Reference-guided docking

initial_pool - manually specify a set of structures in the first generation. A comma separated list of PDBs or silent files.
reference_pool - either "input" or ligand pdbname(s) (separated by comma). Assigning "input" will invoke pharmacophore detection. Assigning ligand pdb(s) will allow to run reference-aligned docking.
reference_oversample - Sets how many times to sample over npool*reference_frac.
reference_frac - What fraction of npool is sampled from reference_pool.
reference_frac_auto - [Only for pharmacophore docking] Automatically sets reference_frac based on problem complexity.
use_pharmacophore - Run pharmacophore-guided docking. Input arguments with reference_pool should be compatatible. A series of <Stage> tags defines the protocol. These tags, when applied in order, define the flow of the genetic algorithm.

Per-stage control

Arguments called with separate "Stage" tags.

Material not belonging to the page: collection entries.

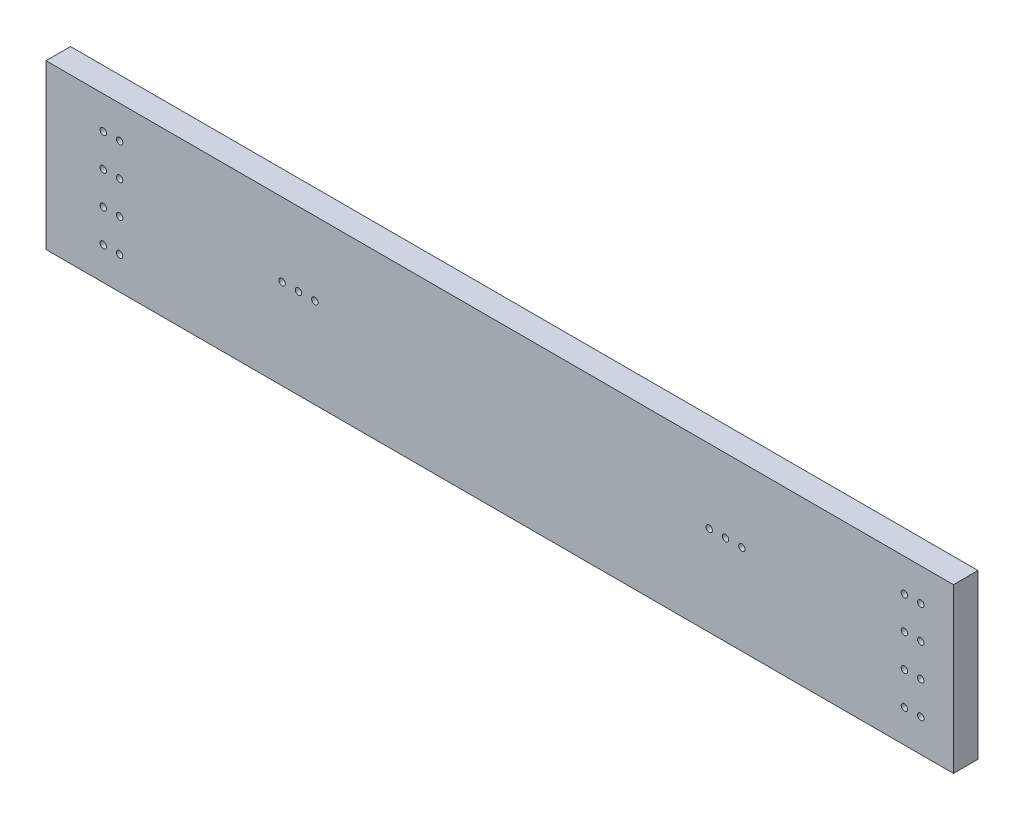
SolidWorks part; units mm, degrees
material "Pine"
ref_plane "Front Plane" through (0, 0, 0) normal (0, 0, 1) x (1, 0, 0)
ref_plane "Top Plane" through (0, 0, 0) normal (0, 1, 0) x (1, 0, 0)
ref_plane "Right Plane" through (0, 0, 0) normal (1, 0, 0) x (0, 0, -1)
sketch "robot, section, top of tube" plane through (0, 0, 0) normal (0, 1, 0) x (1, 0, 0)
  line L1 (-330.2, 0) -> (330.2, 0)
  line L2 (-330.2, 0) -> (-330.2, 660.4)
  line L3 (-330.2, 660.4) -> (330.2, 660.4)
  line L4 (330.2, 0) -> (330.2, 660.4)
  line L6 (146.05, 0) -> (146.05, 45.2974)
  line L7 (-146.05, 0) -> (-146.05, 45.2974)
  line L8 (0, 0) -> (0, 660.4) construction
  dimension "D1" = 660.4
  dimension "D3" = 184.15
sketch "robot approx side" plane through (0, 0, 0) normal (0, 0, 1) x (1, 0, 0)
  line L0 (-146.812, 0) -> (-146.812, 25.4)
  line L1 (-330.2, 0) -> (330.2, 0) construction
  line L2 (-146.812, 2.6416) -> (-121.9604, 2.6416)
  line L4 (0, 0) -> (0, 48.6273) construction
  line L5 (146.812, 2.6416) -> (121.9604, 2.6416)
  line L6 (146.812, 0) -> (146.812, 25.4)
  dimension "D1" = 2.6416
  dimension "D2" = 25.4
  dimension "D3" = 183.388
ref_plane "floor" through (0, -93.726, 0) normal (0, 1, 0) x (1, 0, 0)
ref_plane "bottom" through (0, -57.15, 0) normal (0, 1, 0) x (1, 0, 0)
ref_plane "top" through (0, 69.85, 0) normal (0, 1, 0) x (1, 0, 0)
sketch "Sketch4" plane through (0, 0, 0) normal (0, 1, 0) x (1, 0, 0)
  line L0 (-330.2, 0) -> (330.2, 0) construction
  line L1 (342.9, -12.7) -> (-361.95, -12.7)
  line L2 (342.9, -12.7) -> (342.9, -31.75)
  line L3 (342.9, -31.75) -> (-361.95, -31.75)
  line L4 (-361.95, -12.7) -> (-361.95, -31.75)
  line L5 (330.2, 0) -> (330.2, 660.4) construction
  line L6 (-330.2, 0) -> (-330.2, 660.4) construction
  dimension "D1" = 19.05
  dimension "D2" = 12.7
  dimension "D3" = 12.7
  dimension "D4" = 31.75
extrude "Boss-Extrude1" add sketch "Sketch4" along normal up to surface (69.85 mm away) from surface up to plane "top" starting at plane "bottom"
sketch "Sketch5" plane through (0, 0, 31.75) normal (0, 0, 1) x (1, 0, 0)
  line L0 (-9.525, 69.85) -> (-9.525, -57.15) construction
  line L1 (146.812, 0) -> (146.812, 25.4) construction
  line L2 (-361.95, 69.85) -> (-361.95, -57.15) construction
  line L4 (-361.95, 69.85) -> (342.9, 69.85) construction
  line L5 (-361.95, -57.15) -> (342.9, -57.15) construction
  line L6 (-361.95, 12.7) -> (342.9, 12.7) construction
  line L7 (342.9, 69.85) -> (342.9, -57.15) construction
  line L8 (-146.812, 0) -> (-146.812, 25.4) construction
  circle A0 centre (-317.5, 44.45) radius 2.4955
  circle A1 centre (-304.8, 44.45) radius 2.4955
  circle A2 centre (-317.5, 19.05) radius 2.4955
  circle A3 centre (-304.8, 19.05) radius 2.4955
  circle A4 centre (-317.5, -6.35) radius 2.4955
  circle A5 centre (-304.8, -6.35) radius 2.4955
  circle A6 centre (-317.5, -31.75) radius 2.4955
  circle A7 centre (-304.8, -31.75) radius 2.4955
  circle A14 centre (304.8, 44.45) radius 2.4955
  circle A15 centre (317.5, 44.45) radius 2.4955
  circle A16 centre (-178.562, 12.7) radius 2.4892
  circle A17 centre (-165.862, 12.7) radius 2.4892
  circle A18 centre (-153.162, 12.7) radius 2.4892
  circle A19 centre (153.162, 12.7) radius 2.4892
  circle A20 centre (165.862, 12.7) radius 2.4892
  circle A21 centre (178.562, 12.7) radius 2.4892
  circle A22 centre (317.5, 19.05) radius 2.4955
  circle A23 centre (304.8, 19.05) radius 2.4955
  circle A24 centre (317.5, -6.35) radius 2.4955
  circle A25 centre (304.8, -6.35) radius 2.4955
  circle A26 centre (317.5, -31.75) radius 2.4955
  circle A27 centre (304.8, -31.75) radius 2.4955
  point P30 (-146.812, 12.7)
  dimension "D3" = 4.9911
  dimension "D1" = 4.9784
  dimension "D9" = 12.7
  dimension "D10" = 6.35
  dimension "D11" = 6.35
  dimension "D12" = 12.7
  dimension "D13" = 12.7
  dimension "D16" = 25.4
  dimension "D2" = 12.7
  dimension "D4" = 25.4
  dimension "D5" = 44.45
  dimension "D7" = 25.4
  dimension "D8" = 12.7
  dimension "D14" = 25.4
  dimension "D15" = 12.7
  dimension "D18" = 25.4
  dimension "D6" = 4
  dimension "D17" = 4
extrude "Cut-Extrude1" cut sketch "Sketch5" against normal through all
equation "\"D3@Sketch4\"=\"D2@Sketch4\""
equation "\"D4@Sketch4\"=.75+\"D2@Sketch4\""

repeats, npool - the number of GA generations, and pool size for each generation.
pmut - mutation probability (1-pmut gives crossover prob). 0.2 recommended.
smoothing - "soften" grid calculations by this value (in A). For cross-docking, a value of 0.375 (with grid spacing of 0.25) gives notably better results. Note this is distinct from the repulsive ramping option below.
rmsdthreshold - maintain pool diversity by considering structures < this distance identical. 1.5A recommended.
maxiter, pack_cycles - number of minimize steps and packer cycles at each generation (50 and 100 seem to work well and run in reasonable time)
ramp_schedule - the repulsive ramping schedule for each generation. "0.1,1.0" seems to work well.

Inputs and outputs

The input file should be a pdb with the ligand placed approximately in the pocket to be searched. Only the center-of-mass and radius of this ligand is used by the protocol. More information can be found here.

Outputs use the RosettaScripts multi-output framework, and thus recognize any RosettaScripts output flag for controlling output. The entire ensemble is output by the mover (thus a single input will have many output structures).

Possible tricky issues:

The code initially idealizes and minimizes the sidechain geometry of all flexible sidechains. This can lead to two possible issues with structures that deviate significantly from ideality: 1) "initial_pool" structures that are not idealized will be slightly perturbed initially when added to the pool. 2) for input structures that are very non-ideal, this initial "correction" may lead to high energies for the input sidechain.
Pocket radius is defined as the input ligand radius plus the padding parameter. Caution should be paid when using very small or very large ligands, particularly with the "auto" sidechain option. For large ligands, the "aniso" option may be preferred.